# [Work request]
With the pictures removed, set down all of the entries below exactly.

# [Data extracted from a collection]
^^^^
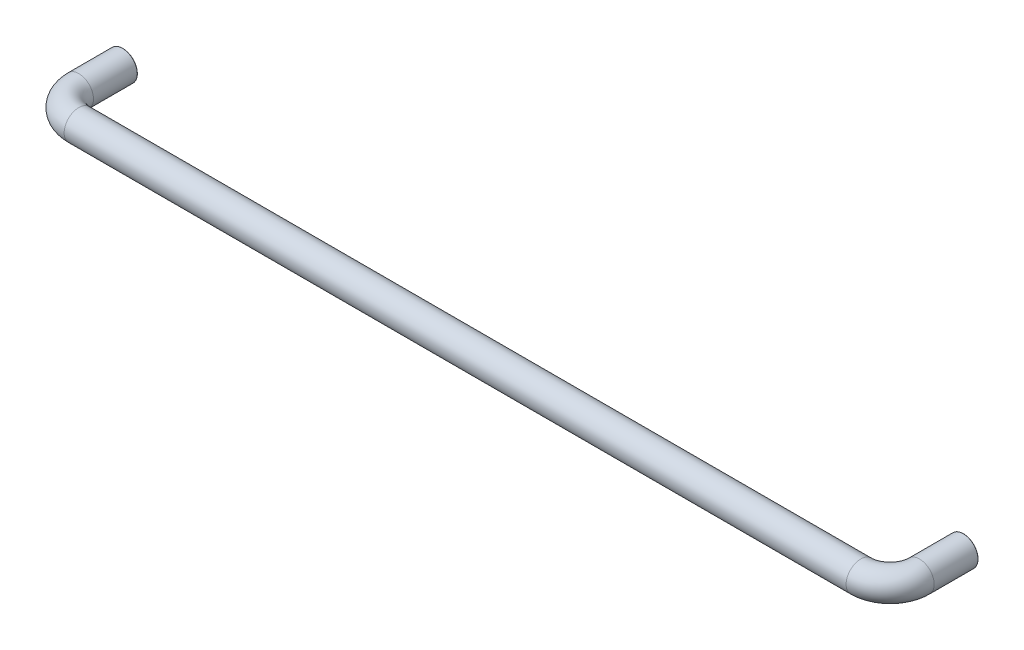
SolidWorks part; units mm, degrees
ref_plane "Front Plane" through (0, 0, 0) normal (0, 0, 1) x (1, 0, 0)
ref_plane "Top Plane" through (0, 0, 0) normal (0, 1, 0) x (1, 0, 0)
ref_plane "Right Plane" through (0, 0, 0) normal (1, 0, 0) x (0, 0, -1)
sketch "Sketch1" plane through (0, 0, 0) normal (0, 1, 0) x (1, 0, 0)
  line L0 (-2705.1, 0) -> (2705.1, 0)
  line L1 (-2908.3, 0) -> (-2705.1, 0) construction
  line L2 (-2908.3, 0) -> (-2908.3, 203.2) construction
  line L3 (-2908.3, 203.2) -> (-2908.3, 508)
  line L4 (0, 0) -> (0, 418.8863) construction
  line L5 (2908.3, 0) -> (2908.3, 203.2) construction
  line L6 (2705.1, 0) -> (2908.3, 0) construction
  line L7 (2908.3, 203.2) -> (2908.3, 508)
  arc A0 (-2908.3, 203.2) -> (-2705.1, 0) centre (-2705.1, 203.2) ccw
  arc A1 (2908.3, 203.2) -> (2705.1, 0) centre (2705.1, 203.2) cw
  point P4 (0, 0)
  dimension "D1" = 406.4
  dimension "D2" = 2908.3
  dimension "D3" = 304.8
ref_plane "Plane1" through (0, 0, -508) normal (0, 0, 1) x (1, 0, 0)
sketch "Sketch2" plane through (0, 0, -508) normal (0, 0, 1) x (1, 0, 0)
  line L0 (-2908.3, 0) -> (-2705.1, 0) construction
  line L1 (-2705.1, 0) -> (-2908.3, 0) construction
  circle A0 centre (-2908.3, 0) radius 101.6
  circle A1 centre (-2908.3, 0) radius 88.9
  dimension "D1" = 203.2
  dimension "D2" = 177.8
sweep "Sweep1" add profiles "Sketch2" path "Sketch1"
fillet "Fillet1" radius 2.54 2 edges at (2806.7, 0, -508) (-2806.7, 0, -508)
^^^^
# [Solved problem]
SolidWorks part; units mm, degrees
ref_plane "Front Plane" through (0, 0, 0) normal (0, 0, 1) x (1, 0, 0)
ref_plane "Top Plane" through (0, 0, 0) normal (0, 1, 0) x (1, 0, 0)
ref_plane "Right Plane" through (0, 0, 0) normal (1, 0, 0) x (0, 0, -1)
sketch "Sketch1" plane through (0, 0, 0) normal (0, 1, 0) x (1, 0, 0)
  line L0 (-2705.1, 0) -> (2705.1, 0)
  line L1 (-2908.3, 0) -> (-2705.1, 0) construction
  line L2 (-2908.3, 0) -> (-2908.3, 203.2) construction
  line L3 (-2908.3, 203.2) -> (-2908.3, 508)
  line L4 (0, 0) -> (0, 418.8863) construction
  line L5 (2908.3, 0) -> (2908.3, 203.2) construction
  line L6 (2705.1, 0) -> (2908.3, 0) construction
  line L7 (2908.3, 203.2) -> (2908.3, 508)
  arc A0 (-2908.3, 203.2) -> (-2705.1, 0) centre (-2705.1, 203.2) ccw
  arc A1 (2908.3, 203.2) -> (2705.1, 0) centre (2705.1, 203.2) cw
  point P4 (0, 0)
  dimension "D1" = 406.4
  dimension "D2" = 2908.3
  dimension "D3" = 304.8
ref_plane "Plane1" through (0, 0, -508) normal (0, 0, 1) x (1, 0, 0)
sketch "Sketch2" plane through (0, 0, -508) normal (0, 0, 1) x (1, 0, 0)
  line L0 (-2908.3, 0) -> (-2705.1, 0) construction
  line L1 (-2705.1, 0) -> (-2908.3, 0) construction
  circle A0 centre (-2908.3, 0) radius 101.6
  circle A1 centre (-2908.3, 0) radius 88.9
  dimension "D1" = 203.2
  dimension "D2" = 177.8
sweep "Sweep1" add profiles "Sketch2" path "Sketch1"
fillet "Fillet1" radius 2.54 2 edges at (2806.7, 0, -508) (-2806.7, 0, -508)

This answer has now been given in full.